### WHAT YOU WILL DO
Every line with the string "direction" must be copied from the entries below.

### DATA FOR PROCESSING
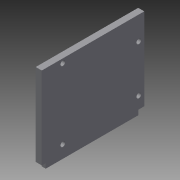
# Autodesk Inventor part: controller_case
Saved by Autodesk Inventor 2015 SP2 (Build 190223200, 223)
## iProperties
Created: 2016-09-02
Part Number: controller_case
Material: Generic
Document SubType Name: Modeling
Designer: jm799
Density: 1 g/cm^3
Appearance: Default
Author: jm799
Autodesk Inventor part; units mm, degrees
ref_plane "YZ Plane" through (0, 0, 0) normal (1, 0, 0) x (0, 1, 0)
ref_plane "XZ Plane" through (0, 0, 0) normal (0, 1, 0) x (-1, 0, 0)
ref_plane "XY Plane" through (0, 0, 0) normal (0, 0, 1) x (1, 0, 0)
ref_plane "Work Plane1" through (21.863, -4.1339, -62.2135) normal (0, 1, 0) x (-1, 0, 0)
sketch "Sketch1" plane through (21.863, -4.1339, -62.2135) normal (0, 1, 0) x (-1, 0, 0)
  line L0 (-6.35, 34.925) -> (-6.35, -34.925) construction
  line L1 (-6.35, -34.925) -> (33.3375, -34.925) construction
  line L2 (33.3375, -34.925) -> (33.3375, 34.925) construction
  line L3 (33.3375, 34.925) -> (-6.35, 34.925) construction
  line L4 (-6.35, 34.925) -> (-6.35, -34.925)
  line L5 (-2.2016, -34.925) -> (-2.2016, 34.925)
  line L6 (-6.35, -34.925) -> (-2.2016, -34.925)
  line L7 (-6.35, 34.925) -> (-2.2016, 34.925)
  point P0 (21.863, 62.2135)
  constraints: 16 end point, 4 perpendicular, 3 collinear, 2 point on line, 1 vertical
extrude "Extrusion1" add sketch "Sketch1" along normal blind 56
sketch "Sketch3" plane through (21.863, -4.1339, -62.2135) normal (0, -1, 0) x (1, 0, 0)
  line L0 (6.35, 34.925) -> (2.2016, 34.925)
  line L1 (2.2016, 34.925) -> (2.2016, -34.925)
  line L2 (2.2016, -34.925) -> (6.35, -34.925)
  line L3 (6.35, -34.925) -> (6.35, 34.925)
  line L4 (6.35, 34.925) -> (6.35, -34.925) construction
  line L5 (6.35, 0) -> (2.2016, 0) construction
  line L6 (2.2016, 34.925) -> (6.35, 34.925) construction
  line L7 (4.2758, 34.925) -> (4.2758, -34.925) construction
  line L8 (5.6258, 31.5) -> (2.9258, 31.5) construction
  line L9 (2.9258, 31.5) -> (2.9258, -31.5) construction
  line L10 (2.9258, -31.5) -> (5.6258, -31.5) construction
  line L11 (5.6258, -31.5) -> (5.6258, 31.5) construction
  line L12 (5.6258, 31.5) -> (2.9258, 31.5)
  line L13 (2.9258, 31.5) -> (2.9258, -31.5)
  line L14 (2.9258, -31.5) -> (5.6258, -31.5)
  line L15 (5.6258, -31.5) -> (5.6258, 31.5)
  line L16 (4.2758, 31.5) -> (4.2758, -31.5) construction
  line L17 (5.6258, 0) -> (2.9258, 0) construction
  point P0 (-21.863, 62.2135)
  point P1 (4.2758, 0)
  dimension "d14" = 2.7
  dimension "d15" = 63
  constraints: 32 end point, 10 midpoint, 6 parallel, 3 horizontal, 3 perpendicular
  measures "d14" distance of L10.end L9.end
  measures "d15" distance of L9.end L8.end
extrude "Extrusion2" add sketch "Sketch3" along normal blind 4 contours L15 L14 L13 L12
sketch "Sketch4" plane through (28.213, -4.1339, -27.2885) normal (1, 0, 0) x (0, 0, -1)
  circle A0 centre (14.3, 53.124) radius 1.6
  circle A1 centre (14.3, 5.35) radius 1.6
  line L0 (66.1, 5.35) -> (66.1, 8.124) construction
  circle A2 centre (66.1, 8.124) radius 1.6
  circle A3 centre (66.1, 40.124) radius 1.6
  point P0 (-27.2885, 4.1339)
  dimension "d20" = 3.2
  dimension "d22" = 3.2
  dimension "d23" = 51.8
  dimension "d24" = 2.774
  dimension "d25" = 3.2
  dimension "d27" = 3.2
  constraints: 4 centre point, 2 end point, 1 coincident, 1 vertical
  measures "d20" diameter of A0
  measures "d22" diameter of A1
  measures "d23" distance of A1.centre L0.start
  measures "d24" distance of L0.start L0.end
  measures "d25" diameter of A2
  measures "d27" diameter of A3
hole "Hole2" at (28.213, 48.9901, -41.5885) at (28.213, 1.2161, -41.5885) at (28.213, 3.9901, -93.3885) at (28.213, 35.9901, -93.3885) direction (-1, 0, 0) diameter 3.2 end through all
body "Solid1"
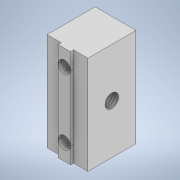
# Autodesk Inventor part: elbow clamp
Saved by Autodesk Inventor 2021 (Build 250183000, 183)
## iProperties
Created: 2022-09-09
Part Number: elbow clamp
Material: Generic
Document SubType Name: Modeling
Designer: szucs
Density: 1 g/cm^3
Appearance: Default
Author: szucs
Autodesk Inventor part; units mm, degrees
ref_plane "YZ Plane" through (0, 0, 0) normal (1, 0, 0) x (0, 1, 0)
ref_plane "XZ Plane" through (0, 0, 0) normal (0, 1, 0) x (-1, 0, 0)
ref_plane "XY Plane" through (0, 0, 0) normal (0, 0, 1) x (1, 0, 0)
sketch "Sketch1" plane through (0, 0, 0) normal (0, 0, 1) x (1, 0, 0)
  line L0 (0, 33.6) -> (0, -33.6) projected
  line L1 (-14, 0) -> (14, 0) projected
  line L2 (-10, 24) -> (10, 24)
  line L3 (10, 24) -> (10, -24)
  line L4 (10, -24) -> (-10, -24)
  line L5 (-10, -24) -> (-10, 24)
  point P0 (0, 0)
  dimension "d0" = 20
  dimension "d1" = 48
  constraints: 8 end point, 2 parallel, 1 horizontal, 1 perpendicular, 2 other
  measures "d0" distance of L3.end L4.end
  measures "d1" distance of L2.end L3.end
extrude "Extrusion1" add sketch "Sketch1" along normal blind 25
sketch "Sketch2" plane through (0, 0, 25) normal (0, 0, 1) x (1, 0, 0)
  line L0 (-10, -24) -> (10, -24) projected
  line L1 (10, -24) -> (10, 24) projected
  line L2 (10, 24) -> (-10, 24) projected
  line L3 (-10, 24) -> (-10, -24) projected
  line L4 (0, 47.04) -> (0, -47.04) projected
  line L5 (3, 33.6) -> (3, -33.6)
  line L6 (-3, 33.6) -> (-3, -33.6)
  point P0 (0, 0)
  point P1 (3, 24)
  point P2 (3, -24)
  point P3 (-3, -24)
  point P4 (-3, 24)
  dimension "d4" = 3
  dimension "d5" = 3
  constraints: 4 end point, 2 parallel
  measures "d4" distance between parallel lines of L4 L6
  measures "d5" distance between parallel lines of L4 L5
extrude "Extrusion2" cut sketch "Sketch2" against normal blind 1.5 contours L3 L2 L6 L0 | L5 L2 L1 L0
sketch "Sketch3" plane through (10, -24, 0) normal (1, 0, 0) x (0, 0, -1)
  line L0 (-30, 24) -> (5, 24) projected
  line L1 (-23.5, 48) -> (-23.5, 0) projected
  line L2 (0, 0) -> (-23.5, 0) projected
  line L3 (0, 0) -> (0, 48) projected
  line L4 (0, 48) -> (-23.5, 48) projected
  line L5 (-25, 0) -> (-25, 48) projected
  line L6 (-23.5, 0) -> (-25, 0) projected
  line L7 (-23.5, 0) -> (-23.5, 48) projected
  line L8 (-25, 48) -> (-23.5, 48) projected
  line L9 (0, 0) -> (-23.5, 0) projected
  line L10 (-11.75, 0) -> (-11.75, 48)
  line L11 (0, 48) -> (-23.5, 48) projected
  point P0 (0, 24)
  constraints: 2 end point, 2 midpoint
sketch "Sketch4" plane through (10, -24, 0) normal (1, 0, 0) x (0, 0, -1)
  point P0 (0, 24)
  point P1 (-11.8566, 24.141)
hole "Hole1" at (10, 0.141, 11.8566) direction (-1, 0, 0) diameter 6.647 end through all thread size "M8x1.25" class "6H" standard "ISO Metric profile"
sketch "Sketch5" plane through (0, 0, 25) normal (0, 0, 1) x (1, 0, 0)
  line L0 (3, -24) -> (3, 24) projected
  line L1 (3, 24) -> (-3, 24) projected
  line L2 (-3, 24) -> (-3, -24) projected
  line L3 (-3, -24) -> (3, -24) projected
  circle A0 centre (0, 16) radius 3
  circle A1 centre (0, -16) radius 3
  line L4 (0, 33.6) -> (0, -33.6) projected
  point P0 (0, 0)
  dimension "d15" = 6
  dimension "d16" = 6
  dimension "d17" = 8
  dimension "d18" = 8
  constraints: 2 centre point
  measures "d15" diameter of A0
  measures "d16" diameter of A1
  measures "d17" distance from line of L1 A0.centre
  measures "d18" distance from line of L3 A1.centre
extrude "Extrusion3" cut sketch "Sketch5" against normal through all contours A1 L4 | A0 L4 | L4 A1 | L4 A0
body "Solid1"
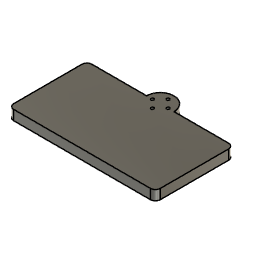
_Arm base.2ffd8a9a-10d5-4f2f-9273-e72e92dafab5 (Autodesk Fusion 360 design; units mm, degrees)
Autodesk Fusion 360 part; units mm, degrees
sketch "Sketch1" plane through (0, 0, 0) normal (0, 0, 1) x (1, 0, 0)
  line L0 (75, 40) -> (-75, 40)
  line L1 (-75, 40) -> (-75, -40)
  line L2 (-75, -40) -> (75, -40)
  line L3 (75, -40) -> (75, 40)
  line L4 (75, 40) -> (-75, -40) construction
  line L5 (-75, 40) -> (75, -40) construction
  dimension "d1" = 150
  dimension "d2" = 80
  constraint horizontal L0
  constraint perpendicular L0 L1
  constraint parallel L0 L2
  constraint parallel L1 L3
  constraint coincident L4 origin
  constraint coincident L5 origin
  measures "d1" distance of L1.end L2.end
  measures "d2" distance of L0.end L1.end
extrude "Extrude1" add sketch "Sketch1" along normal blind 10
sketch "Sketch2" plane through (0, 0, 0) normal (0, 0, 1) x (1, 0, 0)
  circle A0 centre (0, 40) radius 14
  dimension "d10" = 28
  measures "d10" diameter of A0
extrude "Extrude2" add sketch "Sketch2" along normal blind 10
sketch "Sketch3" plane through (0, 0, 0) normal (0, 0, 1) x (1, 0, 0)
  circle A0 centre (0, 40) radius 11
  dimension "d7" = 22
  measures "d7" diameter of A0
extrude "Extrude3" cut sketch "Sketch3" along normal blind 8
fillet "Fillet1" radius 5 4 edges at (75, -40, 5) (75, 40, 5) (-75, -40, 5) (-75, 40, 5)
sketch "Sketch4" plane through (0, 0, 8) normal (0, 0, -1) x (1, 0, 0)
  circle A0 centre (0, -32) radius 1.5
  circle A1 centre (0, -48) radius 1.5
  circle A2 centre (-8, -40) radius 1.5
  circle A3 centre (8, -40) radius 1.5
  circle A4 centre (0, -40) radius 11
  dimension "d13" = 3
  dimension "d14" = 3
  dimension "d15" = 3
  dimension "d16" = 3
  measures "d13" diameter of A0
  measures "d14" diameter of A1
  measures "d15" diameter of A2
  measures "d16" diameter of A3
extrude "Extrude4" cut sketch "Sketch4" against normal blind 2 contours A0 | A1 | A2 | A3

### SOLUTION FOR THIS PROBLEM
hole "Hole2" at (28.213, 48.9901, -41.5885) at (28.213, 1.2161, -41.5885) at (28.213, 3.9901, -93.3885) at (28.213, 35.9901, -93.3885) direction (-1, 0, 0) diameter 3.2 end through all
hole "Hole1" at (10, 0.141, 11.8566) direction (-1, 0, 0) diameter 6.647 end through all thread size "M8x1.25" class "6H" standard "ISO Metric profile"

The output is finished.